What is needed:
Except for images, print the whole listing verbatim.
Start of Block
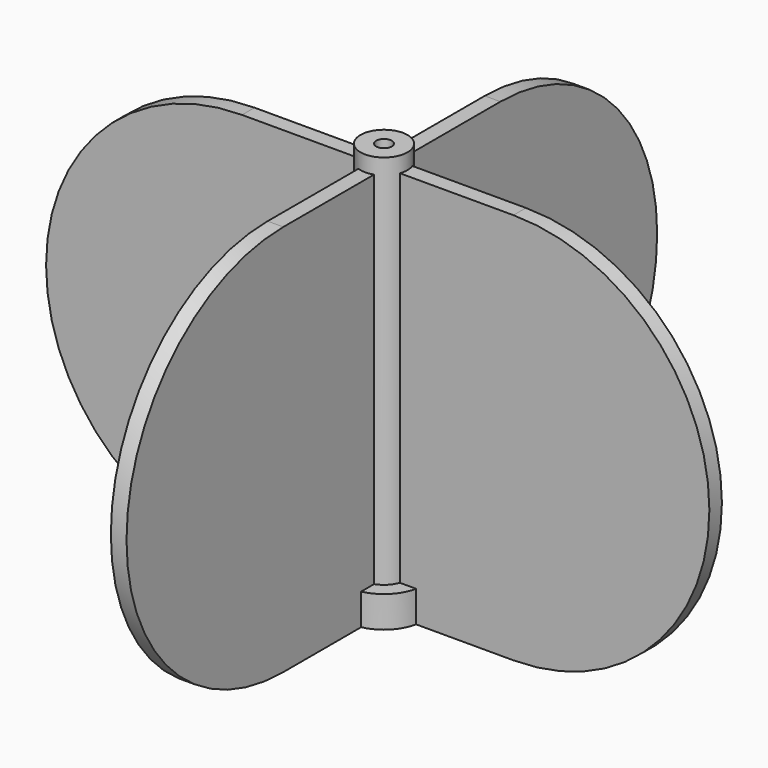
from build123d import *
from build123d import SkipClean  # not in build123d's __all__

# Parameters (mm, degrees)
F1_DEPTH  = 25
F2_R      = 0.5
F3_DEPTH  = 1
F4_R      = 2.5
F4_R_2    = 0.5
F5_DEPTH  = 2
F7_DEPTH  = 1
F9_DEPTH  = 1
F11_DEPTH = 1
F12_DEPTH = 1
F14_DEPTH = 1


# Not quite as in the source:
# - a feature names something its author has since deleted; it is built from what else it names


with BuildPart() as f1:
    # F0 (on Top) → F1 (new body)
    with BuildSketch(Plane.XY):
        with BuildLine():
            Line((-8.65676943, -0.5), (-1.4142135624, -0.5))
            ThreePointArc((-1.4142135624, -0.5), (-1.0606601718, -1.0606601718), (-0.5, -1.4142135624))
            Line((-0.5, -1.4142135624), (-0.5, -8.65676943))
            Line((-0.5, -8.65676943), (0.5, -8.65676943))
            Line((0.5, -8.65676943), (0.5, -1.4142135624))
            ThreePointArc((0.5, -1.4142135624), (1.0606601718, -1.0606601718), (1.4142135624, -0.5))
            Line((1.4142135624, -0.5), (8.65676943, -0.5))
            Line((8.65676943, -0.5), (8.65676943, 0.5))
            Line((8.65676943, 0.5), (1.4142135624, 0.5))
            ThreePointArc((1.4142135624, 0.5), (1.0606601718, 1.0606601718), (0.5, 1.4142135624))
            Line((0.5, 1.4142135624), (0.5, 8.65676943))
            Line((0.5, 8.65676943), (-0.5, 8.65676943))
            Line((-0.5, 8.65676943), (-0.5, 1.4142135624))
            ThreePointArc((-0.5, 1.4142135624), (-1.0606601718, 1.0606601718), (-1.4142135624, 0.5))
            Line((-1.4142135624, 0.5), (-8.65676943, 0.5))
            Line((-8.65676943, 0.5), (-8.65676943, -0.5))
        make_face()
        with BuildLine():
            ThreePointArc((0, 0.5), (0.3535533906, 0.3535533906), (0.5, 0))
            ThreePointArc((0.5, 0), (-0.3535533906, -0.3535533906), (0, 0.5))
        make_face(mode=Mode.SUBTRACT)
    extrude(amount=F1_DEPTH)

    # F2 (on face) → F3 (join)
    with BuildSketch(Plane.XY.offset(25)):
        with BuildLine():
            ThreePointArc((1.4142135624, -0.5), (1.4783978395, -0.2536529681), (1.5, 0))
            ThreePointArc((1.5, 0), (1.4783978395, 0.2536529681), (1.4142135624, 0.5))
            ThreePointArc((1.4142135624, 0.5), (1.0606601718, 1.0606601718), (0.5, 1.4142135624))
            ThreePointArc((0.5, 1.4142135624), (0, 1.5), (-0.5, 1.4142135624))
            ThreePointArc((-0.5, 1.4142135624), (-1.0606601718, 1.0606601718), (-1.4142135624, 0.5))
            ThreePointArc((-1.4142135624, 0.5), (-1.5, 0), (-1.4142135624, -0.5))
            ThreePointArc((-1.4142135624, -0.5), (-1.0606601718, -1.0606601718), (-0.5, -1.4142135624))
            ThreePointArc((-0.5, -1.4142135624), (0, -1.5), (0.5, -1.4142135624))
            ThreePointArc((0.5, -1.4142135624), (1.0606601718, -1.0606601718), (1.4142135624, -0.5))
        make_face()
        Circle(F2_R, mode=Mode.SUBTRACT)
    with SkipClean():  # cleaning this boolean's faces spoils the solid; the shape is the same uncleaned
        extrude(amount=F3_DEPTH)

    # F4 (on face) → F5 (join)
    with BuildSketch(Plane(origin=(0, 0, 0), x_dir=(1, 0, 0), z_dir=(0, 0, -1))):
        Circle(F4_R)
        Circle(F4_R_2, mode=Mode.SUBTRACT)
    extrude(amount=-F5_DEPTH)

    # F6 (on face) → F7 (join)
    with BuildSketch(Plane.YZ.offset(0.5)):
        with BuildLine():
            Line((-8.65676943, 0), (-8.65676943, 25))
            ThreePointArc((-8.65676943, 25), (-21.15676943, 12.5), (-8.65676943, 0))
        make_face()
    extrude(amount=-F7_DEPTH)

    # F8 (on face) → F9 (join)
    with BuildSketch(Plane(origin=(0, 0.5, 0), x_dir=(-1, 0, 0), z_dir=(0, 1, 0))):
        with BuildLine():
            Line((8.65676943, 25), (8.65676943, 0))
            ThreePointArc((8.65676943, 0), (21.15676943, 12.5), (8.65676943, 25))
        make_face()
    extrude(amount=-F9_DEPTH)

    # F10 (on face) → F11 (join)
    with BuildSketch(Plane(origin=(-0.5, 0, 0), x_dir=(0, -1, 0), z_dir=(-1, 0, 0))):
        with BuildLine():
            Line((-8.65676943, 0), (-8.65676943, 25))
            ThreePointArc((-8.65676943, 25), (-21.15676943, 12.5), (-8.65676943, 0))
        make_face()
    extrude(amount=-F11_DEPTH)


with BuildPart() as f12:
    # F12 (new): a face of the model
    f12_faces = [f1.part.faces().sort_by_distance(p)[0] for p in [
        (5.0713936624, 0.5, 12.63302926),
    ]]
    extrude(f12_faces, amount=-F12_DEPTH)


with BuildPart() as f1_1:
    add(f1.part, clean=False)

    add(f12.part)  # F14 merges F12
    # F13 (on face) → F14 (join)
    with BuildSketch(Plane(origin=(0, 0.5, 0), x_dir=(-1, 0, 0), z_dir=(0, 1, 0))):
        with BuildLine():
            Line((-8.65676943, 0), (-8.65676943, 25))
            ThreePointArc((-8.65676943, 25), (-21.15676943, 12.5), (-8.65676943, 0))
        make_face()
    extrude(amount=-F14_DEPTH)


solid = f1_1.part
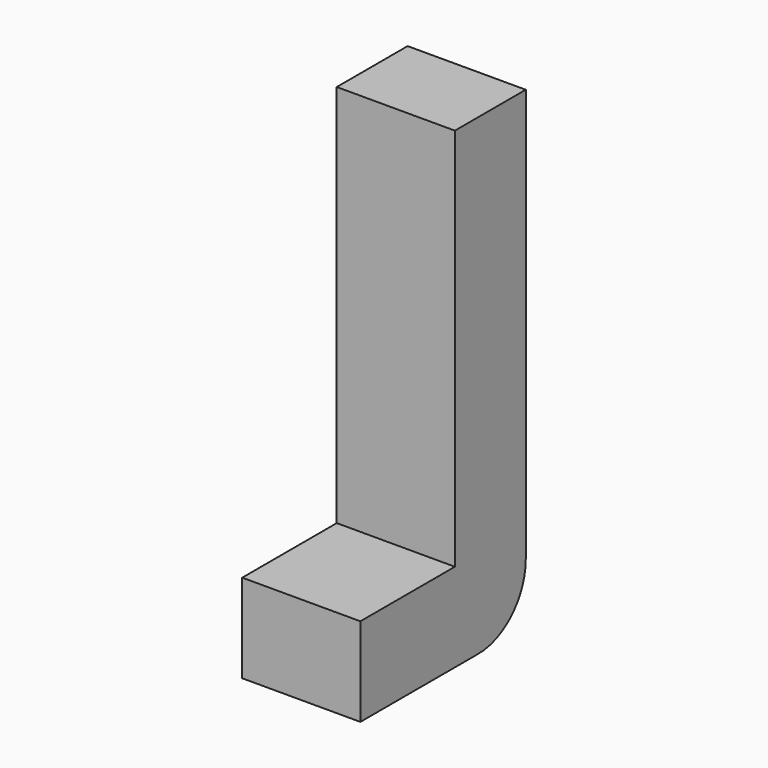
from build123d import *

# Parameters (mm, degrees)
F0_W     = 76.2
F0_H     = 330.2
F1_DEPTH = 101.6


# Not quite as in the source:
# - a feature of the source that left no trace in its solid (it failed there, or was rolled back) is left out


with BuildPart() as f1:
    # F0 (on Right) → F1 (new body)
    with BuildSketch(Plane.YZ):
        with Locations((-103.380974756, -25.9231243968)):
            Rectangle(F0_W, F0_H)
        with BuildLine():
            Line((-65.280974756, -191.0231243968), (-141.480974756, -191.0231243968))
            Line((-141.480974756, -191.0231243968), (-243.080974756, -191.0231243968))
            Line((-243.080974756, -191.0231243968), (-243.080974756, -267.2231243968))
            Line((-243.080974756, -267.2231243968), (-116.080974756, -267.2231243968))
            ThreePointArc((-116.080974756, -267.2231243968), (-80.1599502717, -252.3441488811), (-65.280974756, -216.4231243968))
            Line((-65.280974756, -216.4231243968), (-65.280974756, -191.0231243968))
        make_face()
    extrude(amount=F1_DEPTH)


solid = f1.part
End of Block
Task solution:
from build123d import *
from build123d import SkipClean  # not in build123d's __all__

# Parameters (mm, degrees)
F1_DEPTH  = 25
F2_R      = 0.5
F3_DEPTH  = 1
F4_R      = 2.5
F4_R_2    = 0.5
F5_DEPTH  = 2
F7_DEPTH  = 1
F9_DEPTH  = 1
F11_DEPTH = 1
F12_DEPTH = 1
F14_DEPTH = 1


# Not quite as in the source:
# - a feature names something its author has since deleted; it is built from what else it names


with BuildPart() as f1:
    # F0 (on Top) → F1 (new body)
    with BuildSketch(Plane.XY):
        with BuildLine():
            Line((-8.65676943, -0.5), (-1.4142135624, -0.5))
            ThreePointArc((-1.4142135624, -0.5), (-1.0606601718, -1.0606601718), (-0.5, -1.4142135624))
            Line((-0.5, -1.4142135624), (-0.5, -8.65676943))
            Line((-0.5, -8.65676943), (0.5, -8.65676943))
            Line((0.5, -8.65676943), (0.5, -1.4142135624))
            ThreePointArc((0.5, -1.4142135624), (1.0606601718, -1.0606601718), (1.4142135624, -0.5))
            Line((1.4142135624, -0.5), (8.65676943, -0.5))
            Line((8.65676943, -0.5), (8.65676943, 0.5))
            Line((8.65676943, 0.5), (1.4142135624, 0.5))
            ThreePointArc((1.4142135624, 0.5), (1.0606601718, 1.0606601718), (0.5, 1.4142135624))
            Line((0.5, 1.4142135624), (0.5, 8.65676943))
            Line((0.5, 8.65676943), (-0.5, 8.65676943))
            Line((-0.5, 8.65676943), (-0.5, 1.4142135624))
            ThreePointArc((-0.5, 1.4142135624), (-1.0606601718, 1.0606601718), (-1.4142135624, 0.5))
            Line((-1.4142135624, 0.5), (-8.65676943, 0.5))
            Line((-8.65676943, 0.5), (-8.65676943, -0.5))
        make_face()
        with BuildLine():
            ThreePointArc((0, 0.5), (0.3535533906, 0.3535533906), (0.5, 0))
            ThreePointArc((0.5, 0), (-0.3535533906, -0.3535533906), (0, 0.5))
        make_face(mode=Mode.SUBTRACT)
    extrude(amount=F1_DEPTH)

    # F2 (on face) → F3 (join)
    with BuildSketch(Plane.XY.offset(25)):
        with BuildLine():
            ThreePointArc((1.4142135624, -0.5), (1.4783978395, -0.2536529681), (1.5, 0))
            ThreePointArc((1.5, 0), (1.4783978395, 0.2536529681), (1.4142135624, 0.5))
            ThreePointArc((1.4142135624, 0.5), (1.0606601718, 1.0606601718), (0.5, 1.4142135624))
            ThreePointArc((0.5, 1.4142135624), (0, 1.5), (-0.5, 1.4142135624))
            ThreePointArc((-0.5, 1.4142135624), (-1.0606601718, 1.0606601718), (-1.4142135624, 0.5))
            ThreePointArc((-1.4142135624, 0.5), (-1.5, 0), (-1.4142135624, -0.5))
            ThreePointArc((-1.4142135624, -0.5), (-1.0606601718, -1.0606601718), (-0.5, -1.4142135624))
            ThreePointArc((-0.5, -1.4142135624), (0, -1.5), (0.5, -1.4142135624))
            ThreePointArc((0.5, -1.4142135624), (1.0606601718, -1.0606601718), (1.4142135624, -0.5))
        make_face()
        Circle(F2_R, mode=Mode.SUBTRACT)
    with SkipClean():  # cleaning this boolean's faces spoils the solid; the shape is the same uncleaned
        extrude(amount=F3_DEPTH)

    # F4 (on face) → F5 (join)
    with BuildSketch(Plane(origin=(0, 0, 0), x_dir=(1, 0, 0), z_dir=(0, 0, -1))):
        Circle(F4_R)
        Circle(F4_R_2, mode=Mode.SUBTRACT)
    extrude(amount=-F5_DEPTH)

    # F6 (on face) → F7 (join)
    with BuildSketch(Plane.YZ.offset(0.5)):
        with BuildLine():
            Line((-8.65676943, 0), (-8.65676943, 25))
            ThreePointArc((-8.65676943, 25), (-21.15676943, 12.5), (-8.65676943, 0))
        make_face()
    extrude(amount=-F7_DEPTH)

    # F8 (on face) → F9 (join)
    with BuildSketch(Plane(origin=(0, 0.5, 0), x_dir=(-1, 0, 0), z_dir=(0, 1, 0))):
        with BuildLine():
            Line((8.65676943, 25), (8.65676943, 0))
            ThreePointArc((8.65676943, 0), (21.15676943, 12.5), (8.65676943, 25))
        make_face()
    extrude(amount=-F9_DEPTH)

    # F10 (on face) → F11 (join)
    with BuildSketch(Plane(origin=(-0.5, 0, 0), x_dir=(0, -1, 0), z_dir=(-1, 0, 0))):
        with BuildLine():
            Line((-8.65676943, 0), (-8.65676943, 25))
            ThreePointArc((-8.65676943, 25), (-21.15676943, 12.5), (-8.65676943, 0))
        make_face()
    extrude(amount=-F11_DEPTH)


with BuildPart() as f12:
    # F12 (new): a face of the model
    f12_faces = [f1.part.faces().sort_by_distance(p)[0] for p in [
        (5.0713936624, 0.5, 12.63302926),
    ]]
    extrude(f12_faces, amount=-F12_DEPTH)


with BuildPart() as f1_1:
    add(f1.part, clean=False)

    add(f12.part)  # F14 merges F12
    # F13 (on face) → F14 (join)
    with BuildSketch(Plane(origin=(0, 0.5, 0), x_dir=(-1, 0, 0), z_dir=(0, 1, 0))):
        with BuildLine():
            Line((-8.65676943, 0), (-8.65676943, 25))
            ThreePointArc((-8.65676943, 25), (-21.15676943, 12.5), (-8.65676943, 0))
        make_face()
    extrude(amount=-F14_DEPTH)


solid = f1_1.part
from build123d import *

# Parameters (mm, degrees)
F0_W     = 76.2
F0_H     = 330.2
F1_DEPTH = 101.6


# Not quite as in the source:
# - a feature of the source that left no trace in its solid (it failed there, or was rolled back) is left out


with BuildPart() as f1:
    # F0 (on Right) → F1 (new body)
    with BuildSketch(Plane.YZ):
        with Locations((-103.380974756, -25.9231243968)):
            Rectangle(F0_W, F0_H)
        with BuildLine():
            Line((-65.280974756, -191.0231243968), (-141.480974756, -191.0231243968))
            Line((-141.480974756, -191.0231243968), (-243.080974756, -191.0231243968))
            Line((-243.080974756, -191.0231243968), (-243.080974756, -267.2231243968))
            Line((-243.080974756, -267.2231243968), (-116.080974756, -267.2231243968))
            ThreePointArc((-116.080974756, -267.2231243968), (-80.1599502717, -252.3441488811), (-65.280974756, -216.4231243968))
            Line((-65.280974756, -216.4231243968), (-65.280974756, -191.0231243968))
        make_face()
    extrude(amount=F1_DEPTH)


solid = f1.part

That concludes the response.